(Records from a data collection)

------

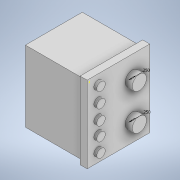
# Autodesk Inventor part: Battery 2
Saved by Autodesk Inventor 2022 (Build 260153000, 153)
## iProperties
Created: 2022-02-20
Part Number: Battery 2
Material: Generic
Document SubType Name: Modeling
Designer: kvaru
Density: 1 g/cm^3
Appearance: Default
Author: kvaru
Autodesk Inventor part; units mm, degrees
ref_plane "YZ Plane" through (0, 0, 0) normal (1, 0, 0) x (0, 1, 0)
ref_plane "XZ Plane" through (0, 0, 0) normal (0, 1, 0) x (-1, 0, 0)
ref_plane "XY Plane" through (0, 0, 0) normal (0, 0, 1) x (1, 0, 0)
sketch "Sketch1" plane through (0, 0, 0) normal (1, 0, 0) x (0, 1, 0)
  line L0 (0, 0) -> (-63.5, 0)
  line L1 (-63.5, 0) -> (-63.5, -50.8)
  line L2 (-63.5, -50.8) -> (0, -50.8)
  line L3 (0, -50.8) -> (0, 0)
  dimension "d0" = 63.5
  dimension "d1" = 50.8
  constraints: 8 end point, 2 parallel, 1 horizontal, 1 perpendicular
  measures "d0" distance of L2.end L1.end
  measures "d1" distance of L1.end L0.end
extrude "Extrusion1" add sketch "Sketch1" along normal blind 50.8
sketch "Sketch2" plane through (50.8, 0, 0) normal (1, 0, 0) x (0, 0, -1)
  line L0 (53.8638, 2.4661) -> (-2.0162, 2.4661)
  line L1 (-2.0162, 2.4661) -> (-2.0162, -66.1139)
  line L2 (-2.0162, -66.1139) -> (53.8638, -66.1139)
  line L3 (53.8638, -66.1139) -> (53.8638, 2.4661)
  point P0 (0, 0)
  dimension "d4" = 55.88
  dimension "d5" = 68.58
  constraints: 8 end point, 2 parallel, 1 horizontal, 1 perpendicular
  measures "d4" distance of L2.end L1.end
  measures "d5" distance of L1.end L0.end
extrude "Extrusion2" add sketch "Sketch2" along normal blind 6.35
sketch "Sketch3" plane through (57.15, 0, 0) normal (1, 0, 0) x (0, 0, -1)
  circle A0 centre (38.2887, -16.224) radius 6.35
  circle A1 centre (38.2887, -48.6721) radius 6.35
  circle A2 centre (6.879, -6.1002) radius 3.81
  circle A3 centre (6.879, -18.8199) radius 3.81
  circle A4 centre (6.879, -34.395) radius 3.81
  circle A5 centre (6.879, -46.5954) radius 3.81
  circle A6 centre (6.879, -58.7959) radius 3.81
  point P0 (0, 0)
  dimension "d8" = 12.7
  dimension "d9" = 12.7
  dimension "d10" = 7.62
  dimension "d11" = 7.62
  dimension "d12" = 7.62
  dimension "d13" = 7.62
  dimension "d14" = 7.62
  constraints: 7 centre point
  measures "d8" diameter of A0
  measures "d9" diameter of A1
  measures "d10" diameter of A2
  measures "d11" diameter of A3
  measures "d12" diameter of A4
  measures "d13" diameter of A5
  measures "d14" diameter of A6
extrude "Extrusion3" add sketch "Sketch3" along normal blind 6.35 contours A0 | A1
sketch "Sketch4" plane through (57.15, 0, 0) normal (1, 0, 0) x (0, 0, -1)
  circle A0 centre (7.7755, -6.0244) radius 3.81
  circle A1 centre (7.7755, -19.3217) radius 3.81
  circle A2 centre (7.7755, -32.619) radius 3.81
  circle A3 centre (7.7755, -44.7893) radius 3.81
  circle A4 centre (7.7755, -57.6359) radius 3.81
  point P0 (0, 0)
  dimension "d17" = 7.62
  dimension "d18" = 7.62
  dimension "d19" = 7.62
  dimension "d20" = 7.62
  dimension "d21" = 7.62
  constraints: 5 centre point
  measures "d17" diameter of A0
  measures "d18" diameter of A1
  measures "d19" diameter of A2
  measures "d20" diameter of A3
  measures "d21" diameter of A4
extrude "Extrusion4" add sketch "Sketch4" along normal blind 2.54
sketch "Sketch5" plane through (57.15, 0, 0) normal (1, 0, 0) x (0, 0, -1)
  point P0 (0, 0)
sketch "Sketch6" plane through (57.15, 0, 0) normal (1, 0, 0) x (0, 0, -1)
  circle A0 centre (38.3083, -15.968) radius 3.175
  circle A1 centre (38.3083, -48.6538) radius 3.175
  point P0 (0, 0)
  dimension "d24" = 6.35
  dimension "d25" = 6.35
  constraints: 2 centre point
  measures "d24" diameter of A0
  measures "d25" diameter of A1
body "Solid1"

------

## Task goal
Show all lines above holding the word "constraints".

## Solution to this exercise
  constraints: 8 end point, 2 parallel, 1 horizontal, 1 perpendicular
  constraints: 8 end point, 2 parallel, 1 horizontal, 1 perpendicular
  constraints: 7 centre point
  constraints: 5 centre point
  constraints: 2 centre point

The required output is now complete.